SOURCE DATA

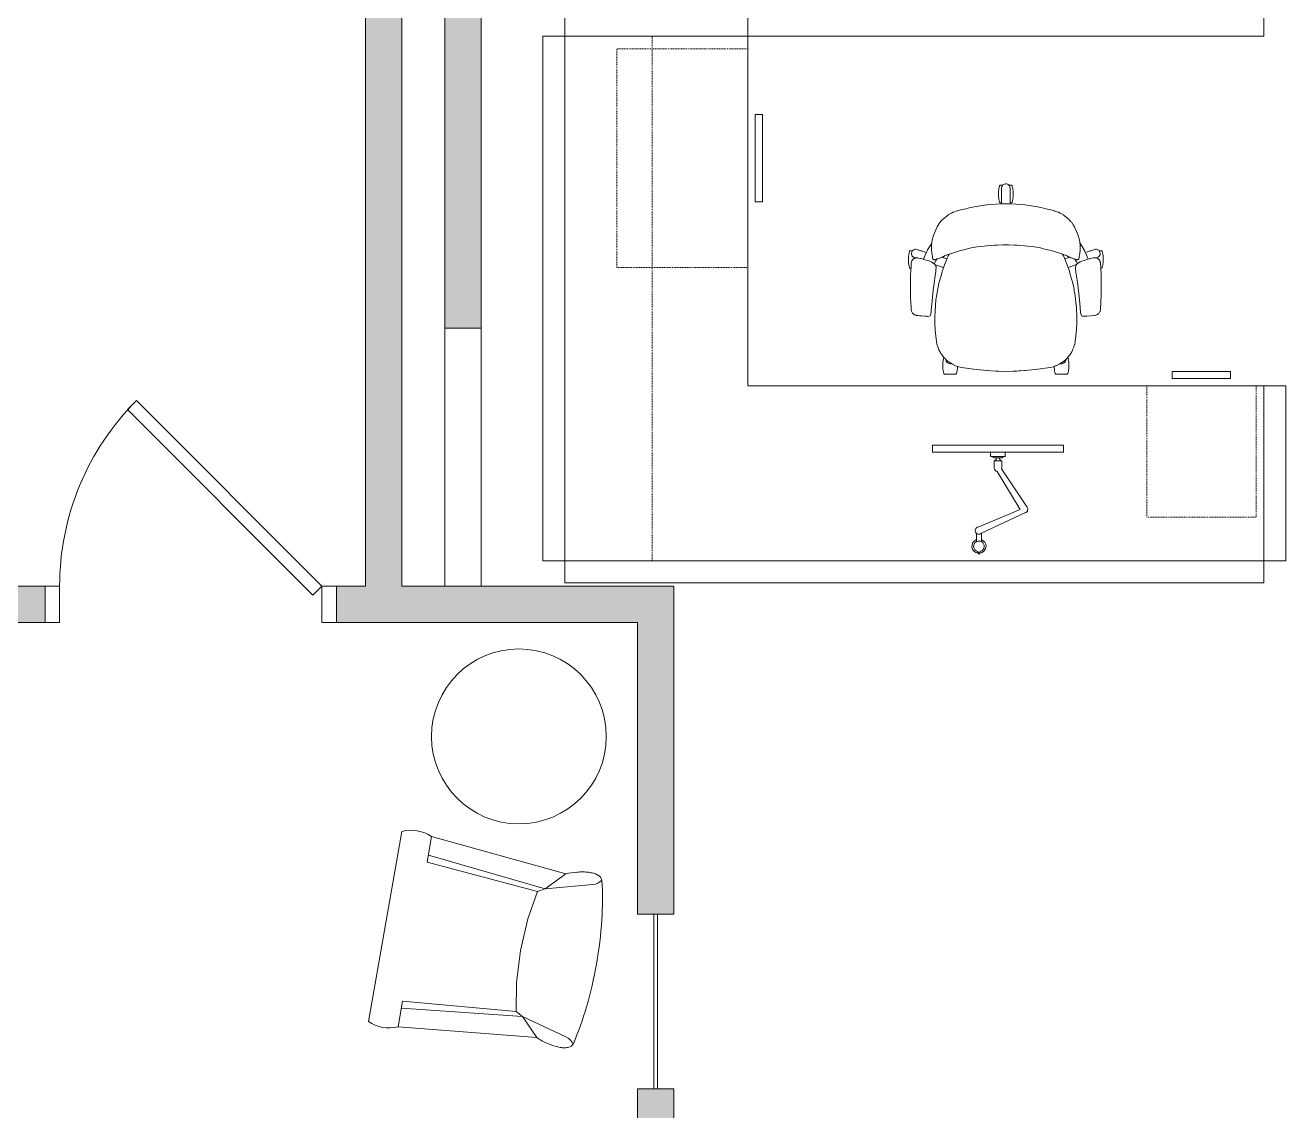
# Model space of a CAD drawing. Header units: inches. Extents: x -675 to 1187, y -924 to 1124.
# Drawn here: x 426.1 to 599.2, y 794.6 to 943.5 of the extents above; entities that cross this region are included whole.
import ezdxf

# ---------------------------------------------------------------- set-up
doc = ezdxf.new("R2010")
doc.units = ezdxf.units.IN
doc.header["$MEASUREMENT"] = 0
doc.linetypes.add('IMPORT-HIDDEN2', pattern=[0.1875, 0.125, -0.0625])
for name, color, linetype, lineweight in [('A-Door-E', 250, 'Continuous', 13), ('A-Furn', 250, 'Continuous', 13), ('A-Furn-Chair', 250, 'Continuous', 13), ('A-Furn-File', 250, 'Continuous', 13), ('A-Furn-Monitor Arm', 7, 'Continuous', 20), ('A-Furn-Panel', 250, 'Continuous', 13), ('A-Furn-Table', 7, 'Continuous', 20), ('A-GLAZ', 151, 'Continuous', 13), ('A-WALL', 113, 'Continuous', 20), ('A-Wall-E', 50, 'Continuous', 9), ('Base_dwg', 8, 'Continuous', 9)]:
    doc.layers.add(name, color=color, linetype=linetype, lineweight=lineweight)

# ---------------------------------------------------------------- blocks, each defined once
blk = doc.blocks.new('Base_dwg_lounge 2-727843-Level 1 Copy 1')
at = {"layer": 'A-Furn-Chair'}
blk.add_line((13.25, 0), (-13.25, 0), dxfattribs=at)
at = {"layer": 'A-Furn-Chair', "flags": 128}
for points in [[(-10.62, 27.08), (-8.89, 20.72), (-8.38, 19.76), (-4.44, 19.09), (0, 18.87), (4.44, 19.09), (8.38, 19.76)], [(10.62, 27.08), (8.89, 20.72), (8.38, 19.76), (9.69, 4.14), (13.25, 4.14), (11.41, 23.16), (8.89, 20.72), (10.67, 4.14)], [(-10.67, 4.14), (-8.89, 20.72), (-11.41, 23.16), (-13.25, 4.14), (-9.69, 4.14), (-8.38, 19.76)]]:
    blk.add_lwpolyline(points, dxfattribs=at)
at = {"layer": 'A-Furn-Chair'}
for centre, radius, start, end in [((-11.11, 27.38), 0.888, 109.7153, 157.3595), ((-12.59, 26.55), 2.04, 15.1703, 54.8215), ((12.52, 26.59), 1.97, 124.3971, 165.6111), ((11.11, 27.38), 0.888, 22.6409, 70.2852), ((-8.65, 2.07), 5.04, 155.7658, 204.2342), ((8.65, 2.07), 5.04, 335.7658, 24.2342)]:
    blk.add_arc(centre, radius, start, end, dxfattribs=at)
for points, knots in [([(-11.41, 28.22), (-9.65, 28.63), (-5.86, 29.29), (0, 29.54), (5.86, 29.29), (9.65, 28.63), (11.41, 28.22)], [0, 0, 0, 0, 5.442338, 11.499691, 17.557045, 22.999375, 22.999375, 22.999375, 22.999375]), ([(-11.41, 23.16), (-11.62, 23.65), (-11.88, 24.41), (-12.1, 25.44), (-12.18, 26.18), (-12.18, 26.86), (-12.09, 27.38), (-11.97, 27.64), (-11.93, 27.72)], [0, 0, 0, 0, 1.602375, 2.40059, 3.155666, 3.841373, 4.440285, 4.707614, 4.707614, 4.707614, 4.707614]), ([(11.41, 23.16), (11.62, 23.65), (11.88, 24.41), (12.1, 25.44), (12.18, 26.18), (12.18, 26.86), (12.09, 27.38), (11.97, 27.64), (11.93, 27.72)], [0, 0, 0, 0, 1.602375, 2.40059, 3.155666, 3.841373, 4.440285, 4.707614, 4.707614, 4.707614, 4.707614])]:
    blk.add_open_spline(points, degree=3, knots=knots, dxfattribs=at)
blk = doc.blocks.new('Base_dwg__U295-727869-Level 1 Copy 1')
at = {"layer": 'A-Wall-E'}
for points in [[(46.38, -2.5), (46.38, 2.5), (2.5, 2.5), (-2.5, -2.5)], [(86.38, -2.5), (92.88, -2.5), (92.88, 1.25), (90.38, 2.5), (86.38, 2.5)], [(127.72, -2.5), (132.72, 2.5), (95.38, 2.5), (92.88, 1.25), (92.88, -2.5), (94.55, -2.5)]]:
    blk.add_hatch(color=256, dxfattribs=at).paths.add_polyline_path(points, flags=0)
blk.add_line((132.72, 2.5), (95.38, 2.5), dxfattribs=at)
at = {"layer": 'A-Wall-E', "flags": 128}
for points in [[(-2.5, -2.5), (46.38, -2.5), (46.38, 2.5), (2.5, 2.5)], [(90.38, 2.5), (86.38, 2.5), (86.38, -2.5), (92.88, -2.5), (127.72, -2.5)]]:
    blk.add_lwpolyline(points, dxfattribs=at)
blk = doc.blocks.new('Base_dwg__U296-727870-Level 1 Copy 1')
at = {"layer": 'A-Wall-E'}
for points in [[(334.84, -2.5), (340.84, -2.5), (340.84, 2.5), (334.84, 2.5)], [(364.84, 2.5), (364.84, -2.5), (409.84, -2.5), (404.84, 2.5)]]:
    blk.add_hatch(color=256, dxfattribs=at).paths.add_polyline_path(points, flags=0)
at = {"layer": 'A-Wall-E', "flags": 128}
blk.add_lwpolyline([(334.84, 2.5), (334.84, -2.5), (340.84, -2.5), (340.84, 2.5)], close=True, dxfattribs=at)
blk.add_lwpolyline([(404.84, 2.5), (364.84, 2.5), (364.84, -2.5), (409.84, -2.5)], dxfattribs=at)
blk = doc.blocks.new('Base_dwg__U297-727871-Level 1 Copy 1')
at = {"layer": 'A-Wall-E'}
blk.add_hatch(color=256, dxfattribs=at).paths.add_polyline_path([(44.37, -2.5), (44.37, 2.5), (0, 2.5), (0, -2.5)], flags=0)
at = {"layer": 'A-Wall-E', "flags": 128}
blk.add_lwpolyline([(0, 2.5), (0, -2.5), (44.37, -2.5), (44.37, 2.5)], close=True, dxfattribs=at)
blk = doc.blocks.new('Base_dwg__U298-727872-Level 1 Copy 1')
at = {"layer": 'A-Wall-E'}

REQUIRED WORK
Give the number of lines in this material that include the string "ezdxf", with no other text.

ANSWER TO THIS TASK
3